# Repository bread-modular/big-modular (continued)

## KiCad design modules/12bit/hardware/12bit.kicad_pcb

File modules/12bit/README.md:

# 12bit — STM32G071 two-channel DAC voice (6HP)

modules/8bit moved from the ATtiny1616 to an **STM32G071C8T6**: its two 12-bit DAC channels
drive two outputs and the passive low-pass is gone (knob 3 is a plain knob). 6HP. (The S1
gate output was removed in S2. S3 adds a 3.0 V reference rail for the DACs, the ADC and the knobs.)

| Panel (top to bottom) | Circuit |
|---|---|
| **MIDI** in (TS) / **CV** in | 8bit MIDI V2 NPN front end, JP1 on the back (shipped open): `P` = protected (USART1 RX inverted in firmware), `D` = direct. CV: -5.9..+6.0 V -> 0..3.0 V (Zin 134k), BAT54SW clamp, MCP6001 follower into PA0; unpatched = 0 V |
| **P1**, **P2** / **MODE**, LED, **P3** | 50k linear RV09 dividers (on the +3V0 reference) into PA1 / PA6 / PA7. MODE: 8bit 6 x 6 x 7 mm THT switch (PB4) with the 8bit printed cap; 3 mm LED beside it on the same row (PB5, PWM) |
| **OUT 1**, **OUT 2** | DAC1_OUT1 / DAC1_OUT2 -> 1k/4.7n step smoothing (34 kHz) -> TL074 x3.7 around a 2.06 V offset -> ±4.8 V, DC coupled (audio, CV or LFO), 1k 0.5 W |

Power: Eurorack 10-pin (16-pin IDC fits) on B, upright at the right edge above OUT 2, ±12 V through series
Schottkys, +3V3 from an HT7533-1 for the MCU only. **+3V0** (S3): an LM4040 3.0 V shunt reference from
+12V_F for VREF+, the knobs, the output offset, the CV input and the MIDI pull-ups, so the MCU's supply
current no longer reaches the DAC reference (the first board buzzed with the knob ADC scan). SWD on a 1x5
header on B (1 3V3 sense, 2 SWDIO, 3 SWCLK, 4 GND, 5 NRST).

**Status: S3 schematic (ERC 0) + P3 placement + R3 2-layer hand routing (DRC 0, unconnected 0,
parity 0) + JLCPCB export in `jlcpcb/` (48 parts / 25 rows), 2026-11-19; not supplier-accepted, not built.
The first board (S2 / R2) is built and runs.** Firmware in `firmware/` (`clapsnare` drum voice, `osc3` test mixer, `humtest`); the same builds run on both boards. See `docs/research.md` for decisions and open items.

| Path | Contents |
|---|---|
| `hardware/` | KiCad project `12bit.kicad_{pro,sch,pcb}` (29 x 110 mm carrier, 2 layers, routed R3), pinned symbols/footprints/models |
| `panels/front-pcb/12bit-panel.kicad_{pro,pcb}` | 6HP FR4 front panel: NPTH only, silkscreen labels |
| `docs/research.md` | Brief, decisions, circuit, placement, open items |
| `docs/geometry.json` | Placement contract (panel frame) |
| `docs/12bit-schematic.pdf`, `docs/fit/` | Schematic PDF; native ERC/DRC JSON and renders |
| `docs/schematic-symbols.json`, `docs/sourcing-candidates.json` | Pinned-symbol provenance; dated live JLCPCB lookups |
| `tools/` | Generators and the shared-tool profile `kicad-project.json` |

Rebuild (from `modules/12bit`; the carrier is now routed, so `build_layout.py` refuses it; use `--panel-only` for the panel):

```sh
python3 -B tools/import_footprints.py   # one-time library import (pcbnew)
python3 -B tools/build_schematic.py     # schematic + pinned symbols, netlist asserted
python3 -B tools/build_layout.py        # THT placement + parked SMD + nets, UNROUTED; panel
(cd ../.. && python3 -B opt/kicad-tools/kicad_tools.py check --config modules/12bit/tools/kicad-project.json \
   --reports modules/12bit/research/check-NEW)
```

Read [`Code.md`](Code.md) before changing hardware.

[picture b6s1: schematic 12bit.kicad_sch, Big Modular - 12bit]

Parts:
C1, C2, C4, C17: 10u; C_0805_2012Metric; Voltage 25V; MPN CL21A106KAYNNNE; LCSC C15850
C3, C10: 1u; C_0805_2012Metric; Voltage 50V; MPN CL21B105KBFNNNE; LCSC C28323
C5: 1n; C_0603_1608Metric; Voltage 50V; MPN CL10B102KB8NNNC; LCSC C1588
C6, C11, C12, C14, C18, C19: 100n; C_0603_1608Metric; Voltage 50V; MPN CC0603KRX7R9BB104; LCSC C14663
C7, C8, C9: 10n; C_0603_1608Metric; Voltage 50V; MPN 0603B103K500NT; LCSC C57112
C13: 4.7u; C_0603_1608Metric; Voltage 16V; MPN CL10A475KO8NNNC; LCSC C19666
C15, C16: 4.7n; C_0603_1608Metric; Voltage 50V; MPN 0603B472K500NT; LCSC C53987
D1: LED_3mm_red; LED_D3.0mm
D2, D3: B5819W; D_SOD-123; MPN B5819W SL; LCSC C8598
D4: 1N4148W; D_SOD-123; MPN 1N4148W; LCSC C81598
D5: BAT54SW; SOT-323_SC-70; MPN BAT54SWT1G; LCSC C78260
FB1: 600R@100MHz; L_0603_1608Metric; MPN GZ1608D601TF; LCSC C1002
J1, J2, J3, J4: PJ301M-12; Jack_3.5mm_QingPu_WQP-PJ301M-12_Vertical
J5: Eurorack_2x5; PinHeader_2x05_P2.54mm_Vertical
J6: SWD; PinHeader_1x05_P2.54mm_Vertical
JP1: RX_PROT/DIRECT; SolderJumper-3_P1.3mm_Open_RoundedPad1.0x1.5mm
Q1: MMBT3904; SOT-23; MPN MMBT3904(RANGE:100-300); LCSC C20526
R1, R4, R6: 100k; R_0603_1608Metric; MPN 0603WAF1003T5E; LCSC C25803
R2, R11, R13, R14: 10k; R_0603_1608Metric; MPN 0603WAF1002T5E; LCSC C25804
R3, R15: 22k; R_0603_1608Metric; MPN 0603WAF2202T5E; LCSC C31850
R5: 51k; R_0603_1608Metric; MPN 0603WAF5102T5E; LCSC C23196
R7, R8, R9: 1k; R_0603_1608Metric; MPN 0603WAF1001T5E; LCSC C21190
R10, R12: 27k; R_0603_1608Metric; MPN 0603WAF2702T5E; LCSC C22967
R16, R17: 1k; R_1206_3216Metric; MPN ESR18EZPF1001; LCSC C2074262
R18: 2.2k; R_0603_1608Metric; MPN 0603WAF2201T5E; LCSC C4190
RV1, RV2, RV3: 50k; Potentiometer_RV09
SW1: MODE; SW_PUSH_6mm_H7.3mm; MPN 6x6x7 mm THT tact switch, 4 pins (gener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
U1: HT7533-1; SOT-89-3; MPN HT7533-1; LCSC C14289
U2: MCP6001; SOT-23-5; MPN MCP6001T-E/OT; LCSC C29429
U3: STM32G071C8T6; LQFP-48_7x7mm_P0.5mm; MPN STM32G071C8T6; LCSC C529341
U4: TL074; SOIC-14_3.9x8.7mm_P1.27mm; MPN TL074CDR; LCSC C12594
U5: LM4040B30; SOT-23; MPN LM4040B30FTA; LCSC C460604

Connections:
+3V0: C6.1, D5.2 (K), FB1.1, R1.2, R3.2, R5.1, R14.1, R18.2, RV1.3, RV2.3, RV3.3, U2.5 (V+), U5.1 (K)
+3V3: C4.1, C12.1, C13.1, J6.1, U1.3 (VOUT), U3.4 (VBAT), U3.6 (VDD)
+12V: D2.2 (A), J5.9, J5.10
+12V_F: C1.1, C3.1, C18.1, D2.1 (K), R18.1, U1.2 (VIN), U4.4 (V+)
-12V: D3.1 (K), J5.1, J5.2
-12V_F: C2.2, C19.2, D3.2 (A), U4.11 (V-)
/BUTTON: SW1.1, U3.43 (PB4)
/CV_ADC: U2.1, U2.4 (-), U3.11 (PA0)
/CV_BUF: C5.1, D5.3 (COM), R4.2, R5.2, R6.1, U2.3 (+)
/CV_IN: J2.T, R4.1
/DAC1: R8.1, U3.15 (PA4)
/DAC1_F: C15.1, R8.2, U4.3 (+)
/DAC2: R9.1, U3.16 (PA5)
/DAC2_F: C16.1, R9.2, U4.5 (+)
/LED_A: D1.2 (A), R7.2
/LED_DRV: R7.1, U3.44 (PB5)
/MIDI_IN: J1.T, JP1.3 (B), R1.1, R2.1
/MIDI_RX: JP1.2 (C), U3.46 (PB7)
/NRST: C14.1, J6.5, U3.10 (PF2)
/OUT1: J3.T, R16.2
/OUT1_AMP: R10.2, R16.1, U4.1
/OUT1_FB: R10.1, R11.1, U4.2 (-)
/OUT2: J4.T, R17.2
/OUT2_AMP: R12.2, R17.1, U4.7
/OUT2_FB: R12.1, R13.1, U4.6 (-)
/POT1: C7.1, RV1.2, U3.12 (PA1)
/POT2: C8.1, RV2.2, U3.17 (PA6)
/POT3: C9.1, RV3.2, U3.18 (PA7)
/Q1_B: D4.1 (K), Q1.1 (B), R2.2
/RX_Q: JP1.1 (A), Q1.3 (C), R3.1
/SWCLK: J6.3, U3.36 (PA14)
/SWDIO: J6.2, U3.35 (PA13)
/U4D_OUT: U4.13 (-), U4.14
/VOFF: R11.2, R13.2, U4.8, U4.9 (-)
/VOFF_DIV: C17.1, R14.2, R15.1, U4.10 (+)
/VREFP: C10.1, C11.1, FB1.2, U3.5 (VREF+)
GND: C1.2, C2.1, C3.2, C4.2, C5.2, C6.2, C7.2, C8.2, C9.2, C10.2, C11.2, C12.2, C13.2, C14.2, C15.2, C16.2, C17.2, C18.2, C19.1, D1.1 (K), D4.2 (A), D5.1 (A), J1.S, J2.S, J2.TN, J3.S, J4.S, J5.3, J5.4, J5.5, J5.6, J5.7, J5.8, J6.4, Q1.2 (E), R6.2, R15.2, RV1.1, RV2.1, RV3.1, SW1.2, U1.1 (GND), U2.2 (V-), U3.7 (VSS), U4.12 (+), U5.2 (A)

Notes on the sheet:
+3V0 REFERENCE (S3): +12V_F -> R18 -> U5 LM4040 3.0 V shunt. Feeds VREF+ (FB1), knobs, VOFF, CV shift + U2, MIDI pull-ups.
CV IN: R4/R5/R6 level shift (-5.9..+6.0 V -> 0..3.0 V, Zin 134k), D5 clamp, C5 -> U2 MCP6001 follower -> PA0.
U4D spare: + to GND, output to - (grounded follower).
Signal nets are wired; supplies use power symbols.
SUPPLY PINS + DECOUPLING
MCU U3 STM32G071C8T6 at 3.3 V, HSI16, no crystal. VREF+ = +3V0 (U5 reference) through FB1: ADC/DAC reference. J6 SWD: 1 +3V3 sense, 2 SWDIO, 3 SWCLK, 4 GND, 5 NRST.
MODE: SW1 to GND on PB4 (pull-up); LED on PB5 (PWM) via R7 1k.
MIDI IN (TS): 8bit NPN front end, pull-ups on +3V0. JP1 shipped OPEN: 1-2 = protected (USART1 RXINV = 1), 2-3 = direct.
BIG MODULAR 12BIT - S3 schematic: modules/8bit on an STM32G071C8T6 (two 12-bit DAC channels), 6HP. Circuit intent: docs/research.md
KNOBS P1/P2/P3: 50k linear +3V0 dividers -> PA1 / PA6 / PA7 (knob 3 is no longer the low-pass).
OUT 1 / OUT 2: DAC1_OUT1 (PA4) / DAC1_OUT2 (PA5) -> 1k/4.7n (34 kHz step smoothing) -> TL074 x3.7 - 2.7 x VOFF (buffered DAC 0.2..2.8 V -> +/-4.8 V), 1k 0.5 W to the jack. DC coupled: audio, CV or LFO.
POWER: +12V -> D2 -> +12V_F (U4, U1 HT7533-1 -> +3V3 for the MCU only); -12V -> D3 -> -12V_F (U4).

Requirement ▸ The expected answer is an exact copy of the lines above, beginning at the line with "D1: LED_3mm_red; LED_D3.0mm" and ending at the line with "R5: 51k; R_0603_1608Metric;", with both ends in.

Problem solution ▸
D1: LED_3mm_red; LED_D3.0mm
D2, D3: B5819W; D_SOD-123; MPN B5819W SL; LCSC C8598
D4: 1N4148W; D_SOD-123; MPN 1N4148W; LCSC C81598
D5: BAT54SW; SOT-323_SC-70; MPN BAT54SWT1G; LCSC C78260
FB1: 600R@100MHz; L_0603_1608Metric; MPN GZ1608D601TF; LCSC C1002
J1, J2, J3, J4: PJ301M-12; Jack_3.5mm_QingPu_WQP-PJ301M-12_Vertical
J5: Eurorack_2x5; PinHeader_2x05_P2.54mm_Vertical
J6: SWD; PinHeader_1x05_P2.54mm_Vertical
JP1: RX_PROT/DIRECT; SolderJumper-3_P1.3mm_Open_RoundedPad1.0x1.5mm
Q1: MMBT3904; SOT-23; MPN MMBT3904(RANGE:100-300); LCSC C20526
R1, R4, R6: 100k; R_0603_1608Metric; MPN 0603WAF1003T5E; LCSC C25803
R2, R11, R13, R14: 10k; R_0603_1608Metric; MPN 0603WAF1002T5E; LCSC C25804
R3, R15: 22k; R_0603_1608Metric; MPN 0603WAF2202T5E; LCSC C31850
R5: 51k; R_0603_1608Metric; MPN 0603WAF5102T5E; LCSC C23196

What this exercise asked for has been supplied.